The Homeopathy “Remedies” Industry
People who believe in homeopathy like to think that illnesses can be cured by ingredients that cause similar symptoms to the illness (or just whatever’s lying around, really). This ingredient is then diluted with water to the point that no molecule from the original ingredient is in the actual remedy. There more water there is, the more “potent” the remedy. No, none of this is supposed to make sense.
Suffice to say, this is all bullshit, and all they’re left with is harmless water. The skeptic James Randi has proven this on a number of occasions by committing “homeopathic suicide”. To noone’s surprise, Randi is still alive today despite downing entire containers of homeopathic sleeping pills. Yet, due to cheap production costs, this is a million dollar industry.
In one case, a company used a duck liver in one of it’s remedies to cure cold and flu-like symptoms… And they wonder why science laughs at them. The resulting solution was sold over the course of one year to thousands of people for a profit of $20 million. 1 duck + a shitload of water = $20 million. They only used one duck.
The Indian Hair Industry
There are people out there who want your hair, who want to touch it, and who would also say your hair is very, very valuable. Of course, most of those people can’t be trusted with scissors, but for the others who aren’t likely to attach your hair to battered sex dolls, they are onto something. You’re walking around with a goldmine on your head.

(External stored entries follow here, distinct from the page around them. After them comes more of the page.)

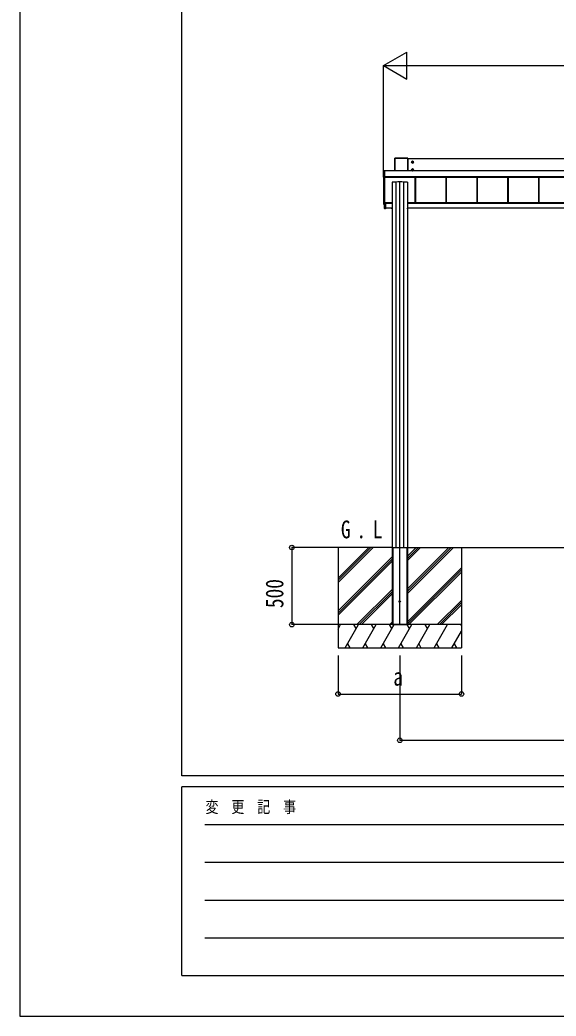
# Model space of a CAD drawing. Units: millimetres, scale not verified. Extents: x -14718 to 14718, y -10395 to 10395.
# Drawn here: x -14718 to -11242, y -10395 to -3935 of the extents above; entities that cross this region are included whole.
import ezdxf
from ezdxf.enums import TextEntityAlignment as Align

# ---------------------------------------------------------------- set-up
doc = ezdxf.new("R2010")
doc.units = ezdxf.units.MM
doc.header["$LTSCALE"] = 50
for name, color, linetype in [('0-2_USER1', 3, 'Continuous'), ('0-3_YKK_12', 2, 'Continuous'), ('0-4_YKK_A1', 4, 'Continuous'), ('0-5_YKK_D', 6, 'Continuous'), ('0-6_YKK_ZWAK', 7, 'Continuous')]:
    doc.layers.add(name, color=color, linetype=linetype)
doc.styles.add('ＭＳ ゴシック', font='')
doc.styles.get('ＭＳ ゴシック').set_extended_font_data('MS Gothic')

msp = doc.modelspace()

# ---------------------------------------------------------------- linework, layer by layer
at = {"layer": '0-3_YKK_12'}
msp.add_line((-12255.44, -7859), (-12255.44, -4983.3), dxfattribs=at)
at = {"layer": '0-4_YKK_A1'}
for p, q in [((-12288.44, -4831.65), (-12288.44, -4913.81)), ((-12288.1, -4831.79), (-12288.44, -4831.65)), ((-12288.1, -4913.81), (-12288.1, -4831.79)), ((-12202.93, -4831.15), (-12287.94, -4831.15)), ((-12287.94, -4831.15), (-12287.6, -4831.3)), ((-12287.6, -4831.3), (-12287.6, -4831.78)), ((-12287.6, -4831.78), (-12287.6, -4913.81)), ((-12203.27, -4831.78), (-12287.6, -4831.78)), ((-12203.27, -4831.3), (-12202.93, -4831.15)), ((-12203.27, -4913.81), (-12203.27, -4831.78)), ((-12202.44, -4831.65), (-12202.77, -4831.79)), ((-12202.77, -4831.79), (-12202.77, -4913.81)), ((-12202.44, -4913.81), (-12202.44, -4831.65)), ((-7708.44, -4835.37), (-12202.44, -4835.37)), ((-12179.69, -4857.11), (-12165.19, -4857.11)), ((-12179.69, -4907.08), (-12165.19, -4907.08)), ((-12174.72, -4856.35), (-12175.44, -4856.35)), ((-12174.72, -4906.32), (-12175.44, -4906.32)), ((-12172.44, -4864.36), (-12172.44, -4849.86)), ((-12172.44, -4914.33), (-12172.44, -4899.83)), ((-12170.16, -4857.87), (-12169.44, -4857.87)), ((-12170.16, -4907.84), (-12169.44, -4907.84)), ((-12361.94, -4955.01), (-12361.94, -4913.04)), ((-12361.47, -4913.23), (-12361.94, -4913.04)), ((-12361.94, -4955.01), (-12361.47, -4954.29)), ((-12361.47, -4954.29), (-12361.47, -4913.23)), ((-12361.44, -4912.54), (-12355.74, -4912.54)), ((-12361.44, -4912.54), (-12360.98, -4912.73)), ((-12360.98, -4954.79), (-12361.44, -4955.51)), ((-12355.74, -4955.51), (-12361.44, -4955.51)), ((-12360.98, -4913.22), (-12360.98, -4954.27)), ((-12353.94, -4913.22), (-12360.98, -4913.22)), ((-12360.44, -4955.51), (-12360.44, -5127.93)), ((-12355.74, -4912.57), (-12355.74, -4912.54)), ((-12355.74, -4955.51), (-12355.74, -4955.39)), ((-12355.44, -4955.35), (-12355.44, -5127.98)), ((-12353.94, -4912.58), (-12355.14, -4912.58)), ((-12355.14, -4912.58), (-12355.14, -4912.58)), ((-12353.94, -4912.58), (-12355.14, -4912.58)), ((-12355.14, -4955.34), (-12353.94, -4955.34)), ((-12355.14, -4955.34), (-12355.14, -4955.34)), ((-12355.14, -4955.34), (-12353.94, -4955.34)), ((-12353.94, -4912.73), (-12353.94, -4912.58)), ((-12353.94, -4912.58), (-12353.94, -4912.58)), ((-12353.94, -4912.73), (-12353.94, -4913.22)), ((-12353.94, -4913.22), (-12353.94, -4954.27)), ((-7662.94, -4913.81), (-12353.94, -4913.81)), ((-7662.94, -4914.29), (-12353.94, -4914.29)), ((-7662.94, -4953.27), (-12353.94, -4953.27)), ((-7662.94, -4953.78), (-12353.94, -4953.78)), ((-12353.94, -4953.92), (-7662.94, -4953.92)), ((-7662.94, -4953.92), (-12353.94, -4953.92)), ((-12353.94, -4954.27), (-12353.94, -4954.79)), ((-12353.94, -4954.79), (-12353.94, -4955.34)), ((-12353.94, -4955.34), (-12353.94, -4955.34)), ((-12156.94, -4953.92), (-12156.94, -5120.15)), ((-12156.54, -4953.92), (-12156.54, -5119.21)), ((-12153.94, -4953.92), (-12153.94, -5120.15)), ((-11956.94, -4953.92), (-11956.94, -5120.15)), ((-11954.34, -4953.92), (-11954.34, -5120.15)), ((-11953.94, -4953.92), (-11953.94, -5120.15)), ((-11756.94, -4953.92), (-11756.94, -5120.15)), ((-11754.34, -4953.92), (-11754.34, -5120.15)), ((-11753.94, -4953.92), (-11753.94, -5120.15)), ((-11556.94, -4953.92), (-11556.94, -5120.15)), ((-11554.34, -4953.92), (-11554.34, -5120.15)), ((-11553.94, -4953.92), (-11553.94, -5120.15)), ((-11356.94, -4953.92), (-11356.94, -5120.15)), ((-11354.34, -4953.92), (-11354.34, -5120.15)), ((-11353.94, -4953.92), (-11353.94, -5120.15)), ((-12305.44, -4987.86), (-12305.44, -7352.5)), ((-12280.25, -4986.12), (-12280.25, -7356.5)), ((-12230.62, -4986.12), (-12230.62, -7356.5)), ((-12205.44, -4987.86), (-12205.44, -7352.5)), ((-12361.44, -5087.91), (-12361.44, -5128.97)), ((-12360.97, -5087.41), (-12360.44, -5087.38)), ((-12361.44, -5129.21), (-12361.44, -5128.97)), ((-12360.97, -5129.47), (-12355.25, -5129.82)), ((-12360.97, -5129.47), (-12360.97, -5129.71)), ((-12360.97, -5129.71), (-12354.94, -5130.09)), ((-12360.97, -5129.71), (-12360.97, -5129.71)), ((-12360.97, -5129.71), (-12354.94, -5130.09)), ((-12359.94, -5128.48), (-12355.94, -5128.48)), ((-12355.25, -5129.86), (-12355.25, -5129.82)), ((-12351.94, -5119.76), (-12355.14, -5119.76)), ((-12354.94, -5121.71), (-12354.94, -5119.76)), ((-12354.94, -5125.3), (-12354.94, -5121.71)), ((-12354.65, -5121.71), (-12354.94, -5121.71)), ((-12354.94, -5158.38), (-12354.94, -5125.3)), ((-12354.65, -5125.3), (-12354.94, -5125.3)), ((-12354.94, -5158.38), (-12354.65, -5158.38)), ((-12354.65, -5119.76), (-12354.65, -5121.71)), ((-12354.65, -5125.3), (-12354.65, -5158.38)), ((-12354.65, -5158.38), (-12348.44, -5158.76)), ((-12348.44, -5159.06), (-12354.65, -5158.68)), ((-12354.64, -5125), (-12354.64, -5122.01)), ((-12354.64, -5125), (-12354.64, -5125)), ((-12348.44, -5125.28), (-12354.64, -5125.3)), ((-12354.63, -5125), (-12354.63, -5125)), ((-12354.15, -5122.21), (-12354.44, -5122.21)), ((-12354.15, -5124.8), (-12354.44, -5124.8)), ((-12354.15, -5122.21), (-12354.15, -5124.8)), ((-12354.15, -5124.8), (-12348.44, -5124.78)), ((-12353.44, -5120.5), (-12353.44, -5119.76)), ((-12353.44, -5120.5), (-12348.44, -5120.49)), ((-12305.44, -5120.15), (-12352.44, -5120.15)), ((-12352.44, -5120.15), (-12352.44, -5120.44)), ((-12352.44, -5120.44), (-12352.44, -5120.5)), ((-12351.94, -5120.15), (-12351.94, -5119.76)), ((-12348.44, -5124.78), (-12348.44, -5120.49)), ((-12305.44, -5122.15), (-12348.44, -5122.15)), ((-12348.44, -5124.78), (-12348.44, -5124.98)), ((-12305.44, -5125.02), (-12348.44, -5125.02)), ((-12348.44, -5125.28), (-12348.44, -5158.76)), ((-12306.28, -5156.5), (-12348.44, -5156.5)), ((-12348.44, -5158.76), (-12348.44, -5159.06)), ((-12306.44, -5158.68), (-12306.3, -5156.5)), ((-12306.28, -5156.5), (-12305.8, -5156.5)), ((-12305.94, -5159), (-12306.14, -5159)), ((-12305.8, -5156.5), (-12305.94, -5158.68)), ((-12305.44, -5159), (-12305.94, -5159)), ((-12305.44, -5156.5), (-12305.8, -5156.5)), ((-7705.44, -5120.15), (-12205.44, -5120.15)), ((-7705.44, -5122.15), (-12205.44, -5122.15)), ((-7705.44, -5125.02), (-12205.44, -5125.02)), ((-12205.07, -5156.5), (-12205.44, -5156.5)), ((-12205.44, -5158.68), (-12204.93, -5158.68)), ((-12204.93, -5159), (-12205.44, -5159)), ((-12205.07, -5156.5), (-12204.59, -5156.5)), ((-12204.93, -5158.68), (-12205.07, -5156.5)), ((-12204.93, -5159), (-12204.93, -5158.68)), ((-12204.73, -5159), (-12204.93, -5159)), ((-7705.44, -5156.5), (-12204.59, -5156.5)), ((-12204.57, -5156.5), (-12204.43, -5158.68)), ((-12305.44, -7356.5), (-12755.44, -7356.5)), ((-12655.44, -7356.5), (-12655.44, -8006.5)), ((-12655.44, -7583.13), (-12428.8, -7356.5)), ((-12655.44, -7554.85), (-12457.09, -7356.5)), ((-12655.44, -7568.99), (-12443, -7356.56)), ((-12305.44, -7352.5), (-12305.44, -7856.5)), ((-12305.44, -7356.5), (-12305.14, -7356.5)), ((-12305.44, -7356.5), (-12305.44, -7856.5)), ((-12305.14, -7356.5), (-12205.74, -7356.5)), ((-12302.94, -7356.5), (-12302.94, -7856.5)), ((-12301.44, -7356.5), (-12301.44, -7856.5)), ((-12209.44, -7356.5), (-12209.44, -7856.5)), ((-12207.94, -7356.5), (-12207.94, -7856.5)), ((-12205.44, -7352.5), (-12205.44, -7856.5)), ((-12205.44, -7356.5), (-12205.44, -7856.5)), ((-12205.44, -7356.5), (-2555.44, -7356.5)), ((-12205.44, -7441.5), (-12120.44, -7356.5)), ((-12205.44, -7427.36), (-12134.58, -7356.5)), ((-12205.44, -7413.22), (-12148.72, -7356.5)), ((-12205.44, -7653.63), (-11908.34, -7356.54)), ((-12205.44, -7639.49), (-11922.49, -7356.54)), ((-12205.44, -7625.35), (-11936.63, -7356.54)), ((-11855.44, -7356.5), (-11855.44, -8006.5)), ((-12655.44, -7766.98), (-12305.44, -7416.98)), ((-12655.44, -7781.12), (-12305.44, -7431.12)), ((-12655.44, -7795.26), (-12305.44, -7445.27)), ((-12205.44, -7837.48), (-11855.44, -7487.48)), ((-12205.44, -7851.62), (-11855.44, -7501.62)), ((-12196.18, -7856.5), (-11855.44, -7515.77)), ((-12532.83, -7856.5), (-12305.44, -7629.11)), ((-12518.68, -7856.5), (-12305.44, -7643.26)), ((-12504.54, -7856.5), (-12305.44, -7657.4)), ((-12012.33, -7856.5), (-11855.44, -7699.61)), ((-11998.18, -7856.5), (-11855.44, -7713.75)), ((-11984.04, -7856.5), (-11855.44, -7727.9)), ((-11855.44, -7856.5), (-12655.44, -7856.5)), ((-12655.44, -7885.44), (-12638.73, -7856.5)), ((-11855.44, -7856.5), (-12655.44, -7856.5)), ((-12653.73, -7882.48), (-12655.44, -7879.53)), ((-12609.86, -8006.5), (-12523.26, -7856.5)), ((-12538.26, -7882.48), (-12553.26, -7856.5)), ((-12494.39, -8006.5), (-12407.79, -7856.5)), ((-12422.79, -7882.48), (-12437.79, -7856.5)), ((-12378.92, -8006.5), (-12292.32, -7856.5)), ((-12307.32, -7882.49), (-12322.32, -7856.5)), ((-12320.69, -7856.5), (-12305.44, -7841.24)), ((-12305.44, -7856.5), (-12205.44, -7856.5)), ((-12263.45, -8006.5), (-12176.85, -7856.5)), ((-12191.85, -7882.48), (-12206.85, -7856.5)), ((-12147.98, -8006.5), (-12061.38, -7856.5)), ((-12076.38, -7882.48), (-12091.38, -7856.5)), ((-12032.51, -8006.5), (-11945.91, -7856.5)), ((-11855.44, -7865.17), (-11860.44, -7856.5)), ((-11917.04, -8006.5), (-11855.44, -7899.8)), ((-12655.44, -8006.5), (-11855.44, -8006.5)), ((-12594.86, -7980.52), (-12579.86, -8006.5)), ((-12479.39, -7980.52), (-12464.39, -8006.5)), ((-12363.92, -7980.52), (-12348.92, -8006.5)), ((-12248.45, -7980.52), (-12233.45, -8006.5)), ((-12132.98, -7980.52), (-12117.98, -8006.5)), ((-12017.51, -7980.52), (-12002.51, -8006.5)), ((-11902.04, -7980.52), (-11887.04, -8006.5))]:
    msp.add_line(p, q, dxfattribs=at)
for points in [[(-12287.6, -4831.3), (-12203.27, -4831.3), (-12203.27, -4831.78)], [(-12175.44, -4856.35), (-12175.44, -4857.87), (-12174.72, -4857.87)], [(-12175.44, -4906.32), (-12175.44, -4907.84), (-12174.72, -4907.84)], [(-12171.68, -4854.83), (-12171.68, -4854.11), (-12173.2, -4854.11), (-12173.2, -4854.83)], [(-12173.2, -4859.39), (-12173.2, -4860.11), (-12171.68, -4860.11), (-12171.68, -4859.39)], [(-12171.68, -4904.8), (-12171.68, -4904.08), (-12173.2, -4904.08), (-12173.2, -4904.8)], [(-12173.2, -4909.36), (-12173.2, -4910.08), (-12171.68, -4910.08), (-12171.68, -4909.36)], [(-12169.44, -4857.87), (-12169.44, -4856.35), (-12170.16, -4856.35)], [(-12169.44, -4907.84), (-12169.44, -4906.32), (-12170.16, -4906.32)], [(-12360.98, -4913.22), (-12360.98, -4912.73), (-12353.94, -4912.73)], [(-12353.94, -4954.79), (-12360.98, -4954.79), (-12360.98, -4954.27), (-12353.94, -4954.27)], [(-12355.63, -4912.59), (-12355.68, -4912.57), (-12355.74, -4912.57)], [(-12360.44, -5127.93), (-12360.44, -5128.5), (-12354.94, -5128.84)], [(-12354.63, -5125), (-12354.63, -5125), (-12354.64, -5125)], [(-12354.62, -5125), (-12348.44, -5124.98), (-12348.44, -5125.28)], [(-12354.44, -5124.81), (-12354.44, -5124.8), (-12354.44, -5122.21)], [(-12305.94, -5159), (-12305.94, -5158.68), (-12305.44, -5158.68)], [(-12305.14, -7356.5), (-12205.74, -7356.5), (-12205.44, -7356.5)]]:
    msp.add_lwpolyline(points, dxfattribs=at)
for points in [[(-12172.44, -4851.34), (-12177.44, -4854.23), (-12177.44, -4860), (-12172.44, -4862.89), (-12167.44, -4860), (-12167.44, -4854.23)], [(-12172.44, -4901.31), (-12177.44, -4904.19), (-12177.44, -4909.97), (-12172.44, -4912.86), (-12167.44, -4909.97), (-12167.44, -4904.19)]]:
    msp.add_lwpolyline(points, close=True, dxfattribs=at)
for centre, radius in [((-12172.44, -4857.11), 6.25), ((-12172.44, -4907.08), 6.25), ((-12172.44, -4857.11), 5), ((-12172.44, -4907.08), 5), ((-12255.44, -7706.5), 5)]:
    msp.add_circle(centre, radius, dxfattribs=at)
for centre, radius, start, end in [((-12287.6, -4831.8), 0.5, 90.15046, 179.81463), ((-12287.71, -4835.89), 4.12, 88.40447, 95.35624), ((-12203.27, -4831.8), 0.5, 0.18537, 89.84954), ((-12203.16, -4835.89), 4.12, 84.64376, 91.59553), ((-12172.44, -4857.11), 5.58, 153.74848, 206.25152), ((-12172.44, -4907.08), 5.58, 153.74848, 206.25152), ((-12172.44, -4857.11), 5.58, 93.74848, 146.25152), ((-12172.44, -4857.11), 5.58, 213.74848, 266.25152), ((-12172.44, -4907.08), 5.58, 93.74848, 146.25152), ((-12174.72, -4854.83), 1.52, 270, 0), ((-12174.72, -4859.39), 1.52, 0, 90), ((-12174.72, -4904.8), 1.52, 270, 0), ((-12174.72, -4909.36), 1.52, 0, 90), ((-12172.44, -4857.11), 5.58, 33.74848, 86.25152), ((-12172.44, -4857.11), 5.58, 273.74848, 326.25152), ((-12172.44, -4907.08), 5.58, 33.74848, 86.25152), ((-12170.16, -4854.83), 1.52, 180, 270), ((-12170.16, -4859.39), 1.52, 90, 180), ((-12170.16, -4904.8), 1.52, 180, 270), ((-12170.16, -4909.36), 1.52, 90, 180), ((-12172.44, -4857.11), 5.58, 333.74848, 26.25152), ((-12172.44, -4907.08), 5.58, 333.74848, 26.25152), ((-12360.97, -4913.23), 0.5, 90.15046, 179.81463), ((-12361.09, -4917.33), 4.12, 88.40447, 95.35624), ((-12361.09, -4958.39), 4.12, 88.40447, 95.35624), ((-12360.97, -4954.29), 0.502, 180.349, 269.68592), ((-12355.74, -4955.09), 0.301, 269.99262, 297.9043), ((-12355.55, -4910.84), 1.74, 265.66516, 269.50049), ((-12355.23, -4958.05), 2.71, 88.10375, 98.40666), ((-12172.44, -4907.08), 5.58, 213.74848, 266.25152), ((-12172.44, -4907.08), 5.58, 273.74848, 326.25152), ((-12360.94, -5087.91), 0.5, 93.48119, 179.98396), ((-12360.94, -5128.97), 0.5, 180.01604, 266.51881), ((-12360.94, -5129.21), 0.5, 180, 266.3803), ((-12360.94, -5129.21), 0.5, 180.01604, 266.51881), ((-12359.94, -5127.98), 0.5, 180.01746, 270.01745), ((-12355.94, -5127.98), 0.5, 269.98255, 359.98254), ((-12355.14, -5119.46), 0.3, 180.01748, 270.01745), ((-12355.24, -5129.52), 0.3, 266.48405, 359.9811), ((-12355.24, -5129.56), 0.3, 266.48405, 359.9811), ((-12354.64, -5121.71), 0.3, 180.01746, 270.01745), ((-12354.64, -5125.3), 0.3, 90.12237, 180), ((-12354.64, -5158.38), 0.3, 180, 266.5), ((-12353.31, -5121.78), 1.35, 177.08798, 189.90325), ((-12353.44, -5125.22), 1.22, 169.53624, 183.72385), ((-12353.42, -5158.53), 1.24, 173.06854, 186.93146), ((-12353.43, -5125.17), 1.21, 171.62247, 185.82998), ((-12353.39, -5125.22), 1.25, 169.72631, 183.54265), ((-12354.62, -5125.3), 0.3, 90.22184, 92.22662), ((-12354.62, -5125.14), 0.141, 90.0241, 94.22537), ((-12354.22, -5126.78), 1.98, 88.04873, 96.20074), ((-12306.14, -5158.7), 0.3, 176.5, 270), ((-12204.73, -5158.7), 0.3, 270, 3.5)]:
    msp.add_arc(centre, radius, start, end, dxfattribs=at)
for centre, major_axis, ratio, start_param, end_param in [((-12287.93, -4831.65), (0.382, -0.325), 0.996231, 2.2770247, 3.8440941), ((-12202.94, -4831.65), (0.382, 0.325), 0.996231, 5.5806839, 7.1477533), ((-12361.43, -4913.04), (0.382, -0.325), 0.996231, 2.2770247, 3.8440941), ((-12361.43, -4955.01), (0.382, 0.325), 0.996231, 2.4390913, 4.0061606), ((-12355.14, -4912.57), (0.6, 0), 0.026226, 3.1415927, 3.8726279), ((-12355.14, -4955.39), (0.6, 0), 0.096025, 1.5707963, 3.1415927), ((-12355.74, -4955.21), (0, 0.3), 0.998743, 3.1415927, 4.2299164), ((-12355.14, -4912.57), (0.6, 0), 0.026226, 3.8726279, 4.712389), ((-12255.44, -4987.86), (50, 0), 0.04, 6.2831853, 9.424778), ((-12354.65, -5129.89), (0.6, -0.037), 0.034769, 3.1437205, 4.2258199), ((-12354.65, -5122.21), (0.301, 0.4), 0.997782, 5.3593221, 6.9301184), ((-12354.65, -5124.8), (0.301, 0.4), 0.997782, 3.7885257, 3.8252324), ((-12354.64, -5122.21), (0.108, 0.169), 0.994155, 5.2849907, 6.855787), ((-12354.64, -5124.8), (-0.145, 0.15), 0.921201, 2.3686772, 3.9027669), ((-12354.64, -5124.8), (0.482, -0.007), 0.414889, 4.7553012, 6.2893908), ((-12354.14, -5124.8), (0.001, 0.2), 0.09157, 1.5714198, 1.6062613), ((-12305.94, -5158.7), (0.5, -0.018), 0.036539, 1.5736281, 3.1406975), ((-12204.93, -5158.7), (0.5, 0.018), 0.036539, 0.0008951, 1.5679645)]:
    msp.add_ellipse(centre, major_axis=major_axis, ratio=ratio, start_param=start_param, end_param=end_param, dxfattribs=at)
at = {"layer": '0-5_YKK_D'}
for p, q in [((-12360.44, -4231.15), (-12208.88, -4143.65)), ((-12208.88, -4318.65), (-12208.88, -4143.65)), ((-12360.44, -4954.51), (-12360.44, -4230.15)), ((-12360.44, -4231.15), (-12208.88, -4318.65)), ((-12360.44, -4231.15), (-12057.33, -4231.15)), ((-12185.44, -4231.15), (-3125.44, -4231.15)), ((-12756.44, -7356.5), (-12956.44, -7356.5)), ((-12955.44, -7356.5), (-12955.44, -7856.5)), ((-12656.44, -7856.5), (-12956.44, -7856.5)), ((-12655.44, -8056.5), (-12655.44, -8307.5)), ((-12255.44, -8056.5), (-12255.44, -8607.5)), ((-11855.44, -8056.5), (-11855.44, -8307.5)), ((-12655.44, -8306.5), (-11855.44, -8306.5)), ((-12255.44, -8606.5), (-7655.44, -8606.5))]:
    msp.add_line(p, q, dxfattribs=at)
for centre in [(-12955.44, -7356.5), (-12955.44, -7856.5), (-12655.44, -8306.5), (-11855.44, -8306.5), (-12255.44, -8606.5)]:
    msp.add_circle(centre, 14.88, dxfattribs=at)
at = {"layer": '0-6_YKK_ZWAK'}
for p, q in [((-13667.43, -8837.5), (-13667.43, 9712.5)), ((13632.57, -8837.5), (-13667.43, -8837.5)), ((-4567.43, -8907.5), (-13667.43, -8907.5)), ((-13667.43, -10132.5), (-13667.43, -8907.5)), ((-13518.68, -9152.5), (-4742.43, -9152.5)), ((-13518.68, -9397.5), (-4742.43, -9397.5)), ((-13518.68, -9642.5), (-4742.43, -9642.5)), ((-13518.68, -9887.5), (-4742.43, -9887.5)), ((-13667.43, -10132.5), (-4567.43, -10132.5))]:
    msp.add_line(p, q, dxfattribs=at)
msp.add_lwpolyline([(-14717.5, -10395), (14717.5, -10395), (14717.5, 10395), (-14717.5, 10395)], close=True, dxfattribs=at)

# ---------------------------------------------------------------- texts
at = {"layer": '0-2_USER1', "style": 'ＭＳ ゴシック', "width": 0.8}
for s, p in [('G', (-12637.44, -7331.19)), ('L', (-12430.57, -7331.19)), ('.', (-12536.64, -7331.19))]:
    msp.add_text(s, height=115.5, dxfattribs=at).set_placement(p, align=Align.BOTTOM_LEFT)
at = {"layer": '0-5_YKK_D', "style": 'ＭＳ ゴシック', "width": 0.8}
msp.add_text('500', height=115.5, rotation=90, dxfattribs=at).set_placement((-12975.44, -7749.3), align=Align.BOTTOM_LEFT)
msp.add_text('a', height=115.5, dxfattribs=at).set_placement((-12297.44, -8286.5), align=Align.BOTTOM_LEFT)
at = {"layer": '0-6_YKK_ZWAK', "style": 'ＭＳ ゴシック', "width": 0.8}
msp.add_text('変  更  記  事', height=76.98, dxfattribs=at).set_placement((-13514.59, -9100), align=Align.BOTTOM_LEFT)

doc.saveas('drawing.dxf')

Due to celebrities, models, men who like to touch hair, and people who simply feel like changing their hair styles, the demand for real-hair hair extensions and wigs has gone through the roof; the hair industry is booming at the moment. Billion dollar industry booming, that is. But while Americans are too busy trying to put someone else’s hair on top of their heads, Hindus in India are all too eager to get rid of theirs. All over India, Hindus sacrifice their hair at the temples of the God Ganesh (that is, they give their hair away for free). The temple authorities, figuring Ganesh probably didn’t want the hair anyway, proceed to sell it into the booming hair industry. That’s like going to confession, only to have the priest auction your secrets out to the highest bidder.
David Gold, the man who claims to have pioneered the industry currently makes around $150 million per year out of the hair industry. In fact, around 500 grams of “virgin” untreated hair can get you around $1,200. While that takes around 12-15 years to grow, if you’ve been getting your hair from the temples, you’ll make that in no time. And to think that you have been paying the hairdressers to take your hair all these years.